Plaintiffs note that § 36(f) contains no reference to state law whereas § 36(h) does.

. Review of legislative history and public policy is helpful in cases of statutory construction. See, e.g., Sutherland Stat.Constrn. §§ 45.05, 45.-06 & 45.09 (4th ed.).

. The legislative history and the Act itself are devoid of specific reference to savings and loan associations. Reference was made during debates, however, to the fact that national banks in Missouri would have limited branching power because Missouri imposed such restrictions on state commercial banks. 66 Cong.Rec. 1568 and 1764 (1925). At that time Missouri authorized more extensive branching by savings and loan associations. See Laws of Mo., 1925, p. 152.

. In Plant City, the Comptroller had determined that the services offered by the bank were not branches within the § 36(f) definition and, therefore, not subject to the state law prohibition. Defendants rely on Plant City contending that it holds that federal law and not state law is to be used to define "branch,” a proposition to which all litigants in the case agreed. See id. at 134, n. 7, 90 S.Ct. at 343, n. 7. To determine whether, under federal law, the services offered constituted a branch, the court looked not only to the language of the statute, but also to the statutory purpose of maintaining competitive equality. See id. at 136, 90 S.Ct. at 344.

. The branching provisions relevant to commercial banks and savings associations are parts of a legislative scheme devised by the Mississippi legislature to insure that both types of institutions will provide the best service to Mississippi consumers.

. DGNB initially approached the Mississippi legislature to advocate changes in the state’s branching laws. The legislature apparently decided that the proposed changes were not in the best interest of the state.

. It should be noted that Congress likewise has established different branching powers for national banks and federal savings and loan associations. Whereas the McFadden Act limits branching by national banks to the extent allowed state banks, The Federal Home Loan Bank Board may permit branching by federal savings and loans irrespective of state law governing state savings and loans. See Independent Bankers Ass'n v.

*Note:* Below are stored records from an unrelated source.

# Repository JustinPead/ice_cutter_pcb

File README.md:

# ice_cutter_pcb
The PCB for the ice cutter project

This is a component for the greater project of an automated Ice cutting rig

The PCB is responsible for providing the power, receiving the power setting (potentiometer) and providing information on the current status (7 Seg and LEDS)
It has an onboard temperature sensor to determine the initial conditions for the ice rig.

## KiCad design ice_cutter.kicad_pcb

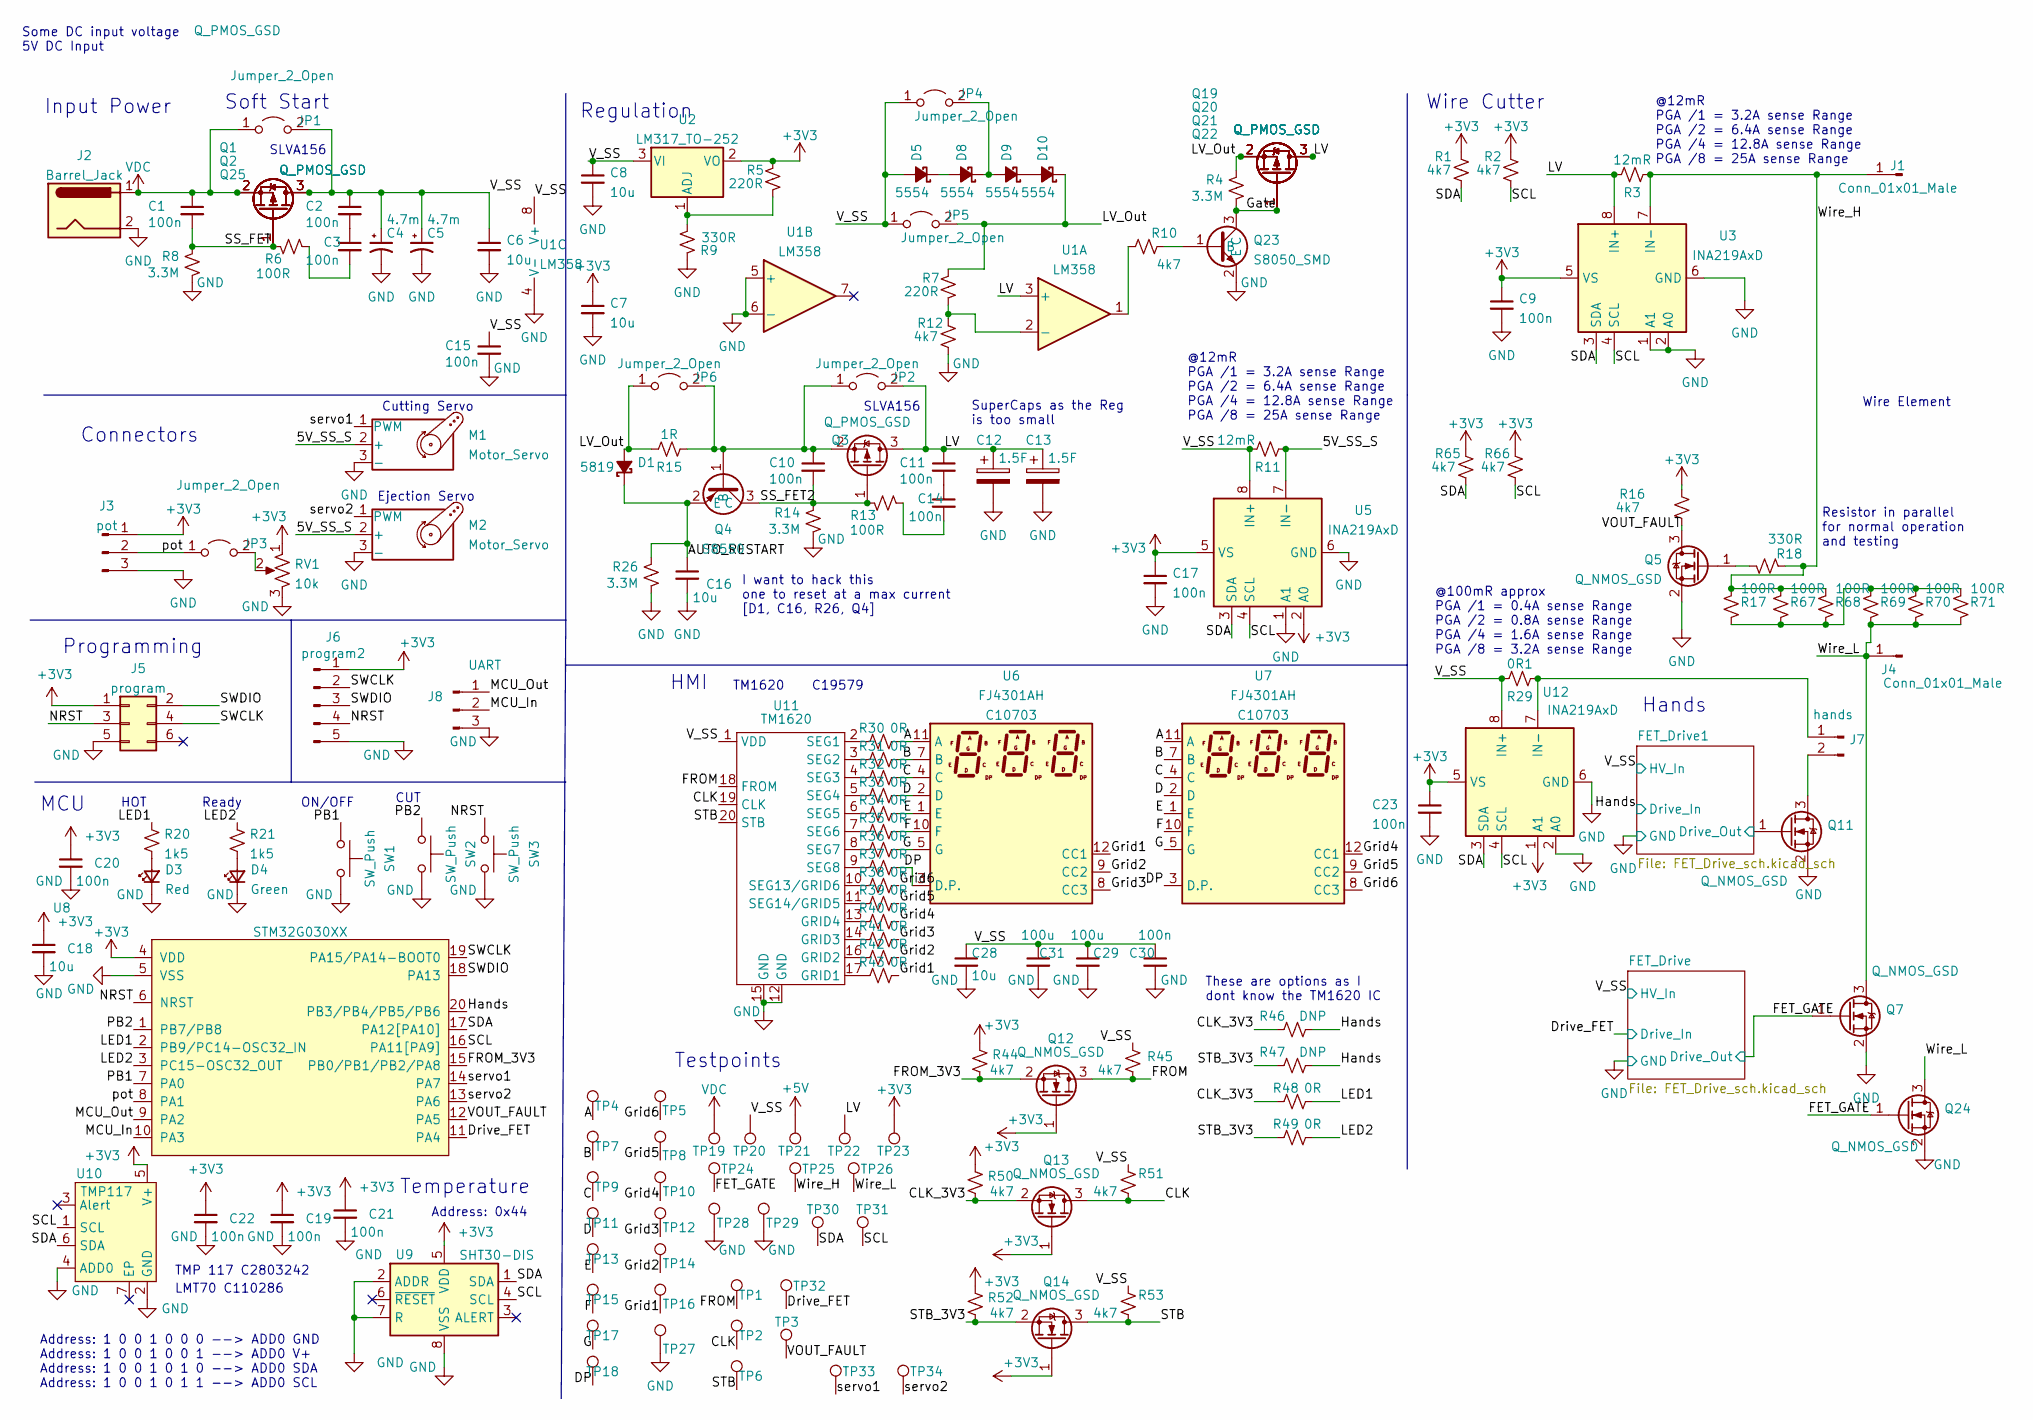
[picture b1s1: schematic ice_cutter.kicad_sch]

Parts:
C1, C2, C3, C9, C10, C11, C14, C15, C17, C19, C20, C21, C22, C23, C29: 100n; C_0402_1005Metric; LCSC C307331
C4, C5: 4.7m; CP_Radial_D14.0mm_P5.00mm
C6, C7, C8, C16, C18, C28: 10u; C_0603_1608Metric; LCSC C96446
C12, C13: 1.5F; SP-5R5-Z155VY; LCSC C128277
C30, C31: 100u; C_1206_3216Metric_Pad1.33x1.80mm_HandSolder; LCSC C15008
D1: 5819; D_SOD-123; LCSC C963381
D3: Red; D_0603_1608Metric; LCSC C2286
D4: Green; D_0603_1608Metric; LCSC C72043
D5, D8, D9, D10: 5554; D_SMA; LCSC C22452
J1, J4: Conn_01x01_Male; SMD_Pad_15x10
J2: Barrel_Jack; Barrel_Jack_2A_C84007; LCSC C84007
J3: pot; PinHeader_1x03_P2.54mm_Vertical
J5: program; TC2030NL
J6: program2; PinHeader_1x05_P2.54mm_Vertical
J7: hands; PinHeader_1x02_P2.54mm_Vertical
J8: UART; PinHeader_1x03_P2.54mm_Vertical
JP1, JP2, JP3, JP4, JP5, JP6: Jumper_2_Open; SolderJumper-2_P1.3mm_Open_RoundedPad1.0x1.5mm
M1, M2: Motor_Servo; PinHeader_1x03_P2.54mm_Vertical
Q1, Q2, Q3, Q19, Q20, Q21, Q22, Q25: Q_PMOS_GSD; SOT-23; LCSC C15127
Q4: S8550; SOT-23; LCSC C8542
Q5, Q12, Q13, Q14: Q_NMOS_GSD; SOT-23; LCSC C20917
Q7, Q11, Q24: Q_NMOS_GSD; TO-252-2; LCSC C709962
Q23: S8050_SMD; SOT-23; LCSC C2150
R1, R2, R10, R12, R16, R44, R45, R50, R51, R52, R53, R65, R66: 4k7; R_0402_1005Metric; LCSC C25900
R3, R11: 12mR; R_2512_6332Metric; LCSC C323773
R4, R8, R14, R26: 3.3M; R_0402_1005Metric; LCSC C25741
R5, R7: 220R; R_0402_1005Metric; LCSC C25091
R6, R13: 100R; R_0402_1005Metric; LCSC C25076
R9, R18: 330R; R_0402_1005Metric; LCSC C25104
R15: 1R; R_2512_6332Metric; LCSC C11254
R17, R67, R68, R69, R70, R71: 100R; R_1206_3216Metric; LCSC C17901
R20, R21: 1k5; R_0402_1005Metric; LCSC C25867
R29: 0R1; R_1206_3216Metric; LCSC C25334
R30, R31, R32, R33, R34, R35, R36, R37, R38, R39, R40, R41, R42, R43, R48, R49: 0R; R_0402_1005Metric; LCSC C17168
R46, R47: DNP; R_0402_1005Metric; LCSC C17168
RV1: 10k; RK09_THT_Pot_C209770; LCSC C209770
SW1, SW2, SW3: SW_Push; SW_SPST_TL3342; LCSC C318884
TP1, TP2, TP3, TP4, TP5, TP6, TP7, TP8, TP9, TP10, TP11, TP12, TP13, TP14, TP15, TP16, TP17, TP18, TP19, TP20, TP21, TP22, TP23, TP24, TP25, TP26, TP27, TP28, TP29, TP30, TP31, TP32, TP33, TP34: TestPoint; TestPoint_Pad_D2.0mm
U1: LM358; SOIC-8_3.9x4.9mm_P1.27mm
U2: LM317_TO-252; TO-252-2; LCSC C75510
U3, U5, U12: INA219AxD; SOIC-8_3.9x4.9mm_P1.27mm; LCSC C138706
U6, U7: FJ4301AH; 7_Seg_x3; LCSC C10703
U8: STM32G030XX; TSSOP-20_4.4x6.5mm_P0.65mm; LCSC C529330
U9: SHT30-DIS; Sensirion_DFN-8-1EP_2.5x2.5mm_P0.5mm_EP1.1x1.7mm; LCSC C77361
U10: TMP117; WSON-6-1EP_2x2mm_P0.65mm_EP1x1.6mm; LCSC C2803242
U11: TM1620; SOP-20_7.5x12.8mm_P1.27mm; LCSC C19579

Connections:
+3V3: C7.1, C9.1, C17.1, C18.1, C19.1, C20.1, C21.1, C22.1, C23.1, J3.1, J5.1, J6.1, Q12.1 (G), Q13.1 (G), Q14.1 (G), R1.2, R2.2, R5.2, R16.2, R44.1, R50.1, R52.1, R65.2, R66.2, RV1.1, TP23.1, U2.2 (VO), U3.5 (VS), U5.2 (A0), U5.5 (VS), U8.4 (VDD), U9.5 (VDD), U10.5 (V+), U12.1 (A1), U12.5 (VS)
+5V: TP21.1
/5V_SS_S: M1.2 (+), M2.2 (+), R11.2, U5.7 (IN-)
/A: R30.2, TP4.1, U6.11 (A), U7.11 (A)
/AUTO_RESTART: C16.1, D1.1 (K), Q4.2 (E), R26.1
/B: R31.2, TP7.1, U6.7 (B), U7.7 (B)
/C: R32.2, TP9.1, U6.4 (C), U7.4 (C)
/CLK: Q13.3 (D), R51.1, TP2.1, U11.19 (CLK)
/CLK_3V3: Q13.2 (S), R46.1, R48.1, R50.2
/D: R33.2, TP11.1, U6.2 (D), U7.2 (D)
/DP: R37.2, TP18.1, U6.3 (D.P.), U7.3 (D.P.)
/Drive_FET: TP32.1, U8.11 (PA4); also elsewhere on the board
/E: R34.2, TP13.1, U6.1 (E), U7.1 (E)
/F: R35.2, TP15.1, U6.10 (F), U7.10 (F)
/FET_Drive1/Drive_Out: Q11.1 (G); also elsewhere on the board
/FET_GATE: Q7.1 (G), Q24.1 (G), TP24.1; also elsewhere on the board
/FROM: Q12.3 (D), R45.1, TP1.1, U11.18 (FROM)
/FROM_3V3: Q12.2 (S), R44.2, U8.15 (PB0/PB1/PB2/PA8)
/G: R36.2, TP17.1, U6.5 (G), U7.5 (G)
/Gate: Q19.1 (G), Q20.1 (G), Q21.1 (G), Q22.1 (G), Q23.3 (C), R4.2
/Grid1: R43.2, TP16.1, U6.12 (CC1)
/Grid2: R42.2, TP14.1, U6.9 (CC2)
/Grid3: R41.2, TP12.1, U6.8 (CC3)
/Grid4: R40.2, TP10.1, U7.12 (CC1)
/Grid5: R39.2, TP8.1, U7.9 (CC2)
/Grid6: R38.2, TP5.1, U7.8 (CC3)
/Hands: R46.2, R47.2, U8.20 (PB3/PB4/PB5/PB6); also elsewhere on the board
/LED1: R20.1, R48.2, U8.2 (PB9/PC14-OSC32_IN)
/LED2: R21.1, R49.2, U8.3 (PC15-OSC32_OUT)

FHLBB, 557 F.Supp. 23, 26 (D.D.C.1982).

. Even if defendants are not correct, it is arguable that, if DGNB were allowed to open its branch office in Gulfport, the Mississippi Legislature would be under pressure to enact legislation that would allow state banks to do the same.

. This is particularly true when the state’s legislature has recently refused to make such a change.

. See Plant City, 385 U.S. at 131, 90 S.Ct. at 342. That defendants are not correct is reflected by the sound defeat of the 1931 bill which would have allowed national banks to branch irrespective of state law. Additionally, the Walker Bank Court began its discussion of the background of the National Bank Act by stating: “There has long been opposition to the exercise of federal power in the banking field.” Walker Bank, 385 U.S. at 256, 87 S.Ct. at 495.

. Mississippi’s state commercial banking system would be jeopardized in that state commercial banks would be prompted to convert their charters to enable them to compete in the commercial banking market.

. But see Plant City, 385 U.S. at 138, n. 11, 90 S.Ct. at 345, n. 11 (statements regarding Comptroller’s attempts to allow national banks to branch beyond limits of state law).

. This court is of the opinion that the substantive analyses utilized in these cases is not controlling for each case fails to address directly the question in issue here. In addition to showing that the Comptroller's position has been rejected by every court that has considered it, the cases are relevant in that, following their dispositions, Congress has not taken any action to change the law through new legislation.